We next create a function that takes as arguments \(y\) and \(Xc\) from the training set, as well as the corresponding data from the test set, computes the ridge betas and computes the predictions from the test set and the corresponding mean prediction error. Note that we must add \(\beta_0^c=\bar{y}_{train}\) to the prediction vector, because the coefficients we calculated do not include the constant term.

mperidge=function(Xtrain, ytrain, Xtest, ytest, l)
{
  beta=betaridge(Xtrain, ytrain, l)
  yhattest=mean(ytrain)+Xtest%*%beta
  predres=ytest-yhattest
  mpe=t(predres)%*%predres/length(predres)
  return(mpe)
}

We now apply the mperidge function for values of \(\lambda\) in the interval \([0,200]\) and plot the results:

Xtestc=as.matrix(ozonetestc[,2:4])
ytest=ozonetestc$ozone
lvals=seq(0,200,5)
nl=length(lvals)
mpe=rep(0,nl)
for (i in 1:nl)
  {
    mpe[i]=mperidge(Xtrainc, ytrain, Xtestc, ytest, lvals[i])
}
mpe
##  [1] 639.2700 589.3376 549.5914 517.7947 492.3394 472.0196 455.9041 443.2592
##  [9] 433.4978 426.1441 420.8092 417.1724 414.9676 413.9726 414.0011 414.8960
## [17] 416.5244 418.7735 421.5472 424.7635 428.3521 432.2527 436.4136 440.7900
## [25] 445.3434 450.0406 454.8529 459.7553 464.7264 469.7475 474.8024 479.8771
## [33] 484.9596 490.0394 495.1074 500.1558 505.1780 510.1682 515.1214 520.0335
## [41] 524.9009
plot(mpe~lvals)

2.2 Regularized regression with glmnet library

A widely used R library for regularized regression and classification is glmnet, developed by Friedmand et al (https://glmnet.stanford.edu/articles/glmnet.html). To use the library it must first be installed in R with the command

install.packages(“glmnet”), and then called using the library command:

library(glmnet)
## Loading required package: Matrix
## Loaded glmnet 4.1-2

The library has a great variety of functions to perform, analyze and plot regularized variations of Generalized Linear Models and not only regression. For full description of the package, the reader may refer to the guide or the webpage above. Here we use the glmnet() function which computes the regularized coefficients under a generalized elastic-net penalty which combines the ridge and lasso penalties: \[ \lambda \left ( \frac{1-\alpha}{2} ||\beta||_2^2+ \alpha ||\beta||_1 \right ) \] Note that \(\alpha=1\) corresponds to lasso and \(\alpha=0\) to ridge regularization.

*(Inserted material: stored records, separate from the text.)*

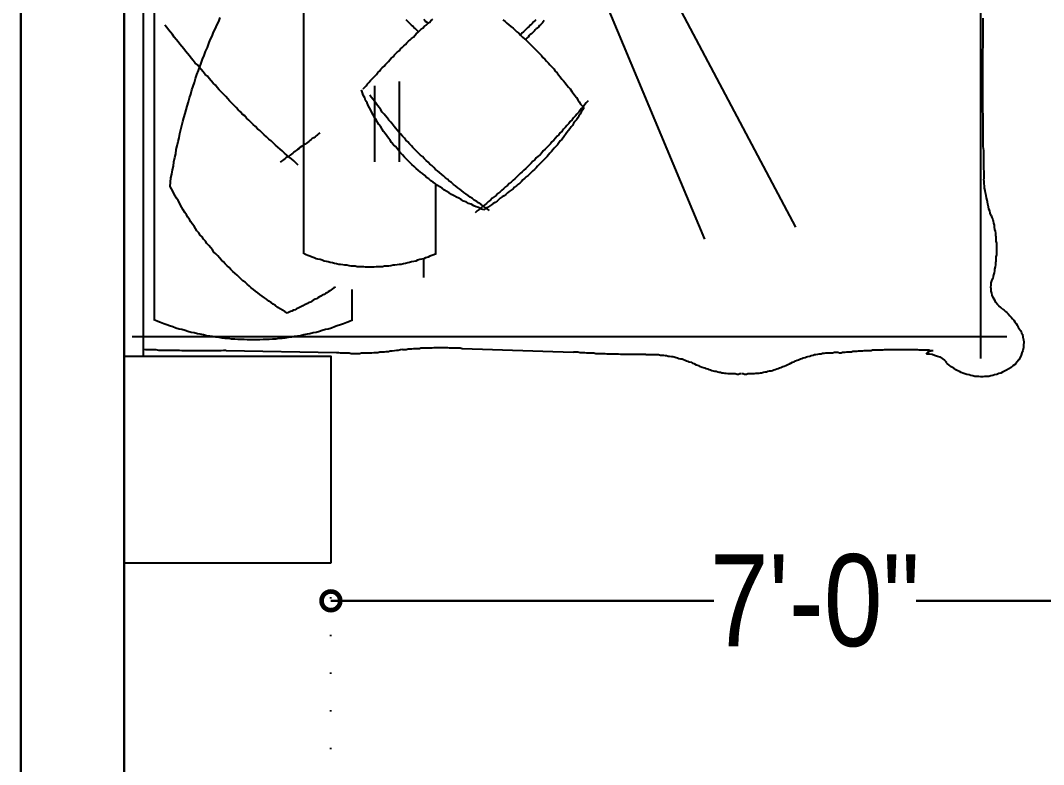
# Model space of a CAD drawing. Extents: x 187966 to 202201, y 659574 to 1343694.
# Drawn here: x 193293.9 to 193382.9, y 665176.2 to 665240.9 of the extents above; entities that cross this region are included whole.
import ezdxf

# ---------------------------------------------------------------- set-up
doc = ezdxf.new("R2010")
doc.units = 0
doc.header["$MEASUREMENT"] = 0
doc.header["$PDMODE"] = 32
doc.linetypes.add('DOT2', pattern=[3.175, 0, -3.175])
doc.layers.add('A-Wall', color=7, linetype='Continuous', lineweight=30)
doc.layers.add('Text', color=55, linetype='Continuous', lineweight=25)
doc.layers.add('FURN', color=250, linetype='Continuous')
doc.styles.add('AA_03.50', font='ARIALN.TTF', dxfattribs={"height": 8})
doc.dimstyles.new('AA_03.50', dxfattribs={"dimtxt": 9, "dimasz": 3.25, "dimexe": 1.75, "dimexo": 3.375, "dimgap": 0.09, "dimtad": 0, "dimdec": 0, "dimzin": 3, "dimdsep": 46, "dimlunit": 4, "dimtxsty": 'AA_03.50', "dimblk": 'DOTSMALL', "dimcen": 0.09, "dimclre": 7, "dimadec": 0, "dimazin": 0, "dimtfac": 1, "dimtdec": 0, "dimtofl": 0, "dimtmove": 0, "dimatfit": 3, "dimfxl": 1, "dimtolj": 1, "dimtzin": 0, "dimlwd": -1, "dimarcsym": 0})

# ---------------------------------------------------------------- blocks, each defined once
blk = doc.blocks.new('BD')
at = {"layer": 'FURN'}
for points in [[(165985.527, 672806.792), (165985.527, 672782.216), (165985.527, 672731.627)], [(166035.212, 672806.422), (166001.596, 672743.052)], [(166036.486, 672806.422), (166009.527, 672741.983)], [(166058.308, 672731.833), (166058.308, 672806.709), (166059.993, 672806.709), (166059.993, 672731.833), (166058.308, 672731.833)], [(166057.363, 672734.915), (166057.363, 672802.148)], [(166044.376, 672740.709), (166044.376, 672767.668)], [(166056.007, 672746.586), (166055.965, 672746.956), (166055.924, 672747.326), (166055.842, 672747.655), (166055.801, 672748.024), (166055.719, 672748.353), (166055.678, 672748.723), (166055.596, 672749.093), (166055.513, 672749.422), (166055.472, 672749.792), (166055.39, 672750.12), (166055.308, 672750.49), (166055.226, 672750.819), (166055.144, 672751.189), (166055.061, 672751.518), (166054.979, 672751.887), (166054.897, 672752.216), (166054.815, 672752.545), (166054.692, 672752.915), (166054.609, 672753.244), (166054.527, 672753.572), (166054.404, 672753.942), (166054.322, 672754.271), (166054.198, 672754.6), (166054.116, 672754.97), (166053.993, 672755.298), (166053.87, 672755.627), (166053.787, 672755.956), (166053.664, 672756.326), (166053.541, 672756.655), (166053.418, 672756.983), (166053.294, 672757.312), (166053.171, 672757.641), (166053.048, 672757.97), (166052.924, 672758.298), (166052.76, 672758.668), (166052.637, 672758.997), (166052.513, 672759.326), (166052.349, 672759.655), (166052.226, 672759.983), (166052.061, 672760.312), (166051.938, 672760.6), (166051.774, 672760.929), (166051.65, 672761.257)], [(165985.198, 672747.244), (165985.198, 672747.531), (165985.198, 672747.86), (165985.239, 672748.148), (165985.239, 672748.477), (165985.239, 672748.764), (165985.239, 672749.093), (165985.239, 672749.422), (165985.239, 672749.709), (165985.281, 672750.038), (165985.281, 672750.326), (165985.281, 672750.655), (165985.281, 672750.942), (165985.281, 672751.271), (165985.281, 672751.559), (165985.281, 672751.887), (165985.281, 672752.216), (165985.281, 672752.504), (165985.281, 672752.833), (165985.322, 672753.12), (165985.322, 672753.449), (165985.322, 672753.737), (165985.322, 672754.066), (165985.322, 672754.353), (165985.322, 672754.682), (165985.322, 672755.011), (165985.322, 672755.298), (165985.322, 672755.627), (165985.322, 672755.915), (165985.322, 672756.244), (165985.322, 672756.531), (165985.322, 672756.86), (165985.322, 672757.148), (165985.322, 672757.477), (165985.322, 672757.805), (165985.322, 672758.093), (165985.322, 672758.422), (165985.281, 672758.709), (165985.281, 672759.038), (165985.281, 672759.326), (165985.281, 672759.655), (165985.281, 672759.942), (165985.281, 672760.271), (165985.281, 672760.6), (165985.281, 672760.887), (165985.281, 672761.216)], [(166033.568, 672760.764), (166033.774, 672760.929), (166033.938, 672761.093)], [(166034.39, 672760.024), (166034.513, 672760.148), (166034.596, 672760.23), (166034.678, 672760.312), (166034.801, 672760.394), (166034.883, 672760.518), (166035.007, 672760.6), (166035.089, 672760.682), (166035.171, 672760.764), (166035.294, 672760.887), (166035.376, 672760.97), (166035.459, 672761.052)], [(166024.198, 672761.052), (166024.281, 672760.97), (166024.404, 672760.887), (166024.486, 672760.764), (166024.568, 672760.682), (166024.692, 672760.6), (166024.774, 672760.477), (166024.897, 672760.394), (166024.979, 672760.312), (166025.061, 672760.23), (166025.185, 672760.107), (166025.267, 672760.024), (166025.39, 672759.942), (166025.472, 672759.819), (166025.555, 672759.737)], [(166023.459, 672761.011), (166023.541, 672760.887), (166023.623, 672760.805), (166023.705, 672760.723), (166023.787, 672760.641), (166023.87, 672760.559), (166023.952, 672760.435), (166024.034, 672760.353), (166024.157, 672760.271), (166024.239, 672760.189), (166024.322, 672760.107), (166024.404, 672760.024), (166024.486, 672759.942), (166024.568, 672759.86), (166024.692, 672759.778), (166024.774, 672759.696), (166024.856, 672759.572), (166024.938, 672759.49), (166025.02, 672759.408), (166025.144, 672759.326)], [(166027.075, 672761.052), (166026.87, 672760.929), (166026.705, 672760.764), (166026.541, 672760.641), (166026.376, 672760.477), (166026.171, 672760.353), (166026.007, 672760.189), (166025.842, 672760.024), (166025.678, 672759.901), (166025.513, 672759.737), (166025.349, 672759.572), (166025.185, 672759.408), (166025.02, 672759.285), (166024.856, 672759.12), (166024.692, 672758.956), (166024.527, 672758.792), (166024.363, 672758.627), (166024.198, 672758.463), (166024.034, 672758.298), (166023.87, 672758.134), (166023.705, 672757.97), (166023.582, 672757.805), (166023.418, 672757.641), (166023.253, 672757.477), (166023.089, 672757.312), (166022.965, 672757.148), (166022.801, 672756.983), (166022.637, 672756.819), (166022.513, 672756.614), (166022.349, 672756.449), (166022.226, 672756.285), (166022.061, 672756.12), (166021.938, 672755.915), (166021.774, 672755.751), (166021.65, 672755.586), (166021.486, 672755.381), (166021.363, 672755.216), (166021.198, 672755.052), (166021.075, 672754.846), (166020.952, 672754.682), (166020.787, 672754.477), (166020.664, 672754.312), (166020.541, 672754.107), (166020.418, 672753.942), (166020.294, 672753.737), (166020.13, 672753.572), (166020.007, 672753.367)], [(166039.198, 672755.052), (166039.075, 672755.216), (166038.952, 672755.34), (166038.829, 672755.504), (166038.705, 672755.627), (166038.582, 672755.792), (166038.459, 672755.915), (166038.294, 672756.079), (166038.171, 672756.203), (166038.048, 672756.326), (166037.924, 672756.49), (166037.801, 672756.614), (166037.678, 672756.778), (166037.555, 672756.901), (166037.39, 672757.024), (166037.267, 672757.189), (166037.144, 672757.312), (166037.02, 672757.435), (166036.897, 672757.6), (166036.774, 672757.723), (166036.609, 672757.846), (166036.486, 672758.011), (166036.363, 672758.134), (166036.239, 672758.257), (166036.075, 672758.381), (166035.952, 672758.545), (166035.829, 672758.668), (166035.664, 672758.792), (166035.541, 672758.915), (166035.418, 672759.079), (166035.253, 672759.203), (166035.13, 672759.326), (166035.007, 672759.449), (166034.842, 672759.572), (166034.719, 672759.696), (166034.596, 672759.86), (166034.431, 672759.983), (166034.308, 672760.107), (166034.185, 672760.23), (166034.02, 672760.353), (166033.897, 672760.477), (166033.733, 672760.6), (166033.609, 672760.723), (166033.445, 672760.846), (166033.322, 672760.97), (166033.157, 672761.134)], [(166044.87, 672748.435), (166045.034, 672748.6), (166045.239, 672748.805), (166045.445, 672748.97), (166045.65, 672749.134), (166045.856, 672749.298), (166046.061, 672749.463), (166046.267, 672749.668), (166046.431, 672749.833), (166046.637, 672749.997), (166046.842, 672750.161), (166047.048, 672750.367), (166047.212, 672750.531), (166047.418, 672750.696), (166047.623, 672750.901), (166047.829, 672751.066), (166047.993, 672751.23), (166048.198, 672751.435), (166048.404, 672751.6), (166048.568, 672751.805), (166048.774, 672751.97), (166048.938, 672752.134), (166049.144, 672752.34), (166049.349, 672752.504), (166049.513, 672752.709), (166049.719, 672752.874), (166049.883, 672753.079), (166050.089, 672753.244), (166050.253, 672753.449), (166050.459, 672753.655), (166050.623, 672753.819), (166050.829, 672754.024), (166050.993, 672754.189), (166051.157, 672754.394), (166051.363, 672754.6), (166051.527, 672754.764), (166051.733, 672754.97), (166051.897, 672755.175), (166052.061, 672755.381), (166052.267, 672755.545), (166052.431, 672755.751), (166052.596, 672755.956), (166052.76, 672756.161), (166052.965, 672756.326), (166053.13, 672756.531), (166053.294, 672756.737), (166053.459, 672756.942), (166053.623, 672757.148), (166053.829, 672757.312), (166053.993, 672757.518), (166054.157, 672757.723), (166054.322, 672757.929), (166054.486, 672758.134), (166054.65, 672758.34), (166054.815, 672758.545), (166054.979, 672758.751), (166055.144, 672758.956), (166055.308, 672759.161), (166055.472, 672759.367), (166055.637, 672759.572), (166055.801, 672759.778), (166055.965, 672759.983), (166056.13, 672760.189), (166056.294, 672760.394), (166056.459, 672760.6)], [(166036.075, 672755.709), (166036.075, 672748.723)], [(166028.719, 672744.531), (166028.924, 672744.614), (166029.171, 672744.737), (166029.376, 672744.819), (166029.582, 672744.901), (166029.829, 672745.024), (166030.034, 672745.107), (166030.239, 672745.23), (166030.486, 672745.312), (166030.692, 672745.435), (166030.897, 672745.559), (166031.102, 672745.641), (166031.308, 672745.764), (166031.513, 672745.887), (166031.719, 672746.011), (166031.924, 672746.134), (166032.13, 672746.257), (166032.335, 672746.422), (166032.541, 672746.545), (166032.746, 672746.668), (166032.911, 672746.792), (166033.116, 672746.956), (166033.322, 672747.079), (166033.486, 672747.244), (166033.692, 672747.367), (166033.856, 672747.531), (166034.061, 672747.696), (166034.226, 672747.819), (166034.431, 672747.983), (166034.596, 672748.148), (166034.76, 672748.312), (166034.965, 672748.477), (166035.13, 672748.641), (166035.294, 672748.805), (166035.459, 672748.97), (166035.623, 672749.134), (166035.787, 672749.34), (166035.952, 672749.504), (166036.116, 672749.668), (166036.239, 672749.874), (166036.404, 672750.038), (166036.568, 672750.203), (166036.733, 672750.408), (166036.856, 672750.614), (166037.02, 672750.778), (166037.144, 672750.983), (166037.308, 672751.189), (166037.431, 672751.353), (166037.555, 672751.559), (166037.678, 672751.764), (166037.842, 672751.97), (166037.965, 672752.175), (166038.089, 672752.381), (166038.212, 672752.586), (166038.335, 672752.792), (166038.459, 672752.997), (166038.541, 672753.203), (166038.664, 672753.408), (166038.787, 672753.614), (166038.87, 672753.86), (166038.993, 672754.066), (166039.075, 672754.271), (166039.198, 672754.518), (166039.281, 672754.723), (166039.363, 672754.97)], [(166038.212, 672755.34), (166038.212, 672748.723)], [(166019.637, 672754.024), (166019.801, 672753.86), (166019.924, 672753.696), (166020.048, 672753.531), (166020.212, 672753.367), (166020.335, 672753.203), (166020.459, 672753.038), (166020.623, 672752.874), (166020.746, 672752.709), (166020.911, 672752.545), (166021.034, 672752.381), (166021.198, 672752.216), (166021.322, 672752.052), (166021.486, 672751.887), (166021.609, 672751.723), (166021.774, 672751.559), (166021.897, 672751.394), (166022.061, 672751.23), (166022.185, 672751.066), (166022.349, 672750.942), (166022.472, 672750.778), (166022.637, 672750.614), (166022.801, 672750.449), (166022.924, 672750.285), (166023.089, 672750.12), (166023.212, 672749.997), (166023.376, 672749.833), (166023.541, 672749.668), (166023.664, 672749.504), (166023.829, 672749.34), (166023.993, 672749.216), (166024.157, 672749.052), (166024.281, 672748.887), (166024.445, 672748.764), (166024.609, 672748.6), (166024.774, 672748.435), (166024.897, 672748.312), (166025.061, 672748.148), (166025.226, 672747.983), (166025.39, 672747.86), (166025.555, 672747.696), (166025.719, 672747.531), (166025.842, 672747.408), (166026.007, 672747.244), (166026.171, 672747.12), (166026.335, 672746.956), (166026.5, 672746.833), (166026.664, 672746.668), (166026.829, 672746.545), (166026.993, 672746.381), (166027.157, 672746.257), (166027.322, 672746.093), (166027.486, 672745.97), (166027.65, 672745.805), (166027.815, 672745.682), (166027.979, 672745.559), (166028.144, 672745.394), (166028.308, 672745.271), (166028.472, 672745.107), (166028.637, 672744.983), (166028.801, 672744.86), (166028.965, 672744.696), (166029.13, 672744.572), (166029.294, 672744.449), (166029.459, 672744.285)], [(166028.226, 672744.49), (166028.39, 672744.614), (166028.596, 672744.737), (166028.76, 672744.86), (166028.965, 672745.024), (166029.171, 672745.148), (166029.335, 672745.271), (166029.541, 672745.394), (166029.705, 672745.518), (166029.911, 672745.641), (166030.075, 672745.805), (166030.281, 672745.929), (166030.445, 672746.052), (166030.65, 672746.216), (166030.815, 672746.34), (166030.979, 672746.463), (166031.185, 672746.627), (166031.349, 672746.751), (166031.513, 672746.915), (166031.719, 672747.038), (166031.883, 672747.203), (166032.048, 672747.326), (166032.212, 672747.49), (166032.376, 672747.614), (166032.582, 672747.778), (166032.746, 672747.942), (166032.911, 672748.066), (166033.075, 672748.23), (166033.239, 672748.394), (166033.404, 672748.518), (166033.568, 672748.682), (166033.733, 672748.846), (166033.897, 672749.011), (166034.061, 672749.175), (166034.226, 672749.298), (166034.39, 672749.463), (166034.555, 672749.627), (166034.719, 672749.792), (166034.883, 672749.956), (166035.007, 672750.12), (166035.171, 672750.285), (166035.335, 672750.449), (166035.5, 672750.614), (166035.623, 672750.778), (166035.787, 672750.942), (166035.952, 672751.148), (166036.116, 672751.312), (166036.239, 672751.477), (166036.404, 672751.641), (166036.527, 672751.805), (166036.692, 672752.011), (166036.815, 672752.175), (166036.979, 672752.34), (166037.102, 672752.504), (166037.267, 672752.709), (166037.39, 672752.874), (166037.555, 672753.038), (166037.678, 672753.244), (166037.801, 672753.408), (166037.965, 672753.614), (166038.089, 672753.778), (166038.212, 672753.983), (166038.335, 672754.148), (166038.5, 672754.353), (166038.623, 672754.518)], [(166020.007, 672753.367), (166020.13, 672753.203), (166020.253, 672753.038), (166020.335, 672752.874), (166020.459, 672752.709), (166020.541, 672752.545), (166020.664, 672752.381), (166020.787, 672752.216), (166020.911, 672752.052), (166020.993, 672751.887), (166021.116, 672751.764), (166021.239, 672751.6), (166021.363, 672751.435), (166021.486, 672751.271), (166021.609, 672751.107), (166021.692, 672750.983), (166021.815, 672750.819), (166021.938, 672750.655), (166022.061, 672750.531), (166022.185, 672750.367), (166022.308, 672750.203), (166022.431, 672750.079), (166022.596, 672749.915), (166022.719, 672749.751), (166022.842, 672749.627), (166022.965, 672749.463), (166023.089, 672749.34), (166023.212, 672749.175), (166023.335, 672749.052), (166023.5, 672748.887), (166023.623, 672748.764), (166023.746, 672748.641), (166023.911, 672748.477), (166024.034, 672748.353), (166024.157, 672748.189), (166024.322, 672748.066), (166024.445, 672747.942), (166024.568, 672747.819), (166024.733, 672747.655), (166024.856, 672747.531), (166025.02, 672747.408), (166025.144, 672747.285), (166025.308, 672747.161), (166025.431, 672746.997), (166025.596, 672746.874), (166025.76, 672746.751), (166025.883, 672746.627), (166026.048, 672746.504), (166026.171, 672746.381), (166026.335, 672746.257), (166026.5, 672746.134), (166026.664, 672746.011), (166026.787, 672745.887), (166026.952, 672745.764), (166027.116, 672745.682), (166027.281, 672745.559), (166027.404, 672745.435), (166027.568, 672745.312), (166027.733, 672745.189), (166027.897, 672745.107), (166028.061, 672744.983), (166028.226, 672744.86), (166028.39, 672744.737), (166028.555, 672744.655), (166028.719, 672744.531)], [(166042.979, 672751.23), (166043.102, 672751.148), (166043.185, 672751.066), (166043.308, 672750.983), (166043.39, 672750.901), (166043.513, 672750.819), (166043.637, 672750.737), (166043.719, 672750.655), (166043.842, 672750.572), (166043.924, 672750.49), (166044.048, 672750.408), (166044.171, 672750.326), (166044.253, 672750.244), (166044.376, 672750.203), (166044.459, 672750.12), (166044.582, 672750.038), (166044.705, 672749.956), (166044.787, 672749.874), (166044.911, 672749.792), (166045.034, 672749.709), (166045.116, 672749.627), (166045.239, 672749.545), (166045.322, 672749.463), (166045.445, 672749.381), (166045.568, 672749.298), (166045.65, 672749.216), (166045.774, 672749.175), (166045.897, 672749.093), (166045.979, 672749.011), (166046.102, 672748.929), (166046.226, 672748.846), (166046.308, 672748.764), (166046.431, 672748.682)], [(165984.582, 672744.038), (165984.664, 672744.244), (165984.705, 672744.449), (165984.787, 672744.614), (165984.829, 672744.819), (165984.87, 672745.024), (165984.911, 672745.23), (165984.952, 672745.394), (165984.993, 672745.6), (165985.034, 672745.805), (165985.075, 672746.011), (165985.116, 672746.216), (165985.157, 672746.422), (165985.157, 672746.627), (165985.198, 672746.792), (165985.198, 672746.997), (165985.239, 672747.203)], [(166032.911, 672746.751), (166032.911, 672740.709)], [(166045.815, 672735.572), (166046.02, 672735.696), (166046.226, 672735.819), (166046.431, 672735.942), (166046.637, 672736.066), (166046.842, 672736.23), (166047.048, 672736.353), (166047.212, 672736.477), (166047.418, 672736.6), (166047.623, 672736.764), (166047.787, 672736.887), (166047.993, 672737.052), (166048.198, 672737.175), (166048.363, 672737.34), (166048.568, 672737.463), (166048.733, 672737.627), (166048.938, 672737.751), (166049.102, 672737.915), (166049.308, 672738.079), (166049.472, 672738.244), (166049.678, 672738.367), (166049.842, 672738.531), (166050.007, 672738.696), (166050.171, 672738.86), (166050.376, 672739.024), (166050.541, 672739.189), (166050.705, 672739.353), (166050.87, 672739.518), (166051.034, 672739.682), (166051.198, 672739.846), (166051.363, 672740.011), (166051.527, 672740.175), (166051.692, 672740.381), (166051.856, 672740.545), (166052.02, 672740.709), (166052.185, 672740.874), (166052.308, 672741.079), (166052.472, 672741.244), (166052.637, 672741.449), (166052.801, 672741.614), (166052.924, 672741.819), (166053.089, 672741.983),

We call the glmnet() function with the standardized matrix \(X\) and the vector \(y\) from the training set, using \(\alpha=0\) and the appropriate value of \(\lambda\). First we verify the results for the no-regularization model with \(\lambda=0\):

bnet0=glmnet(Xtrainc, ytrain, alpha=0, lambda = 0)
bnet0$beta
## 3 x 1 sparse Matrix of class "dgCMatrix"
##                     s0
## radiation     6.785835
## temperature  16.626863
## wind        -12.340399
betac
## (Intercept)   radiation temperature        wind 
##   46.971831    6.786065   16.626547  -12.340529

We observe that the results obtained with glmnet are slightly different from the (correct) values obtained from the lm function. The reason is that glmnet computes the coefficients using an iterative optimization algorithm similar to gradient descent, which converges to the optimal values of the coefficients asymptotically and is not 100% precise when it stops after a number of iterations. The reason is that for values \(\alpha>0\) there is no analytical expression for the optimal coefficients such as that for \(\alpha=0\) (ridge regression), therefore they must be calculated numerically.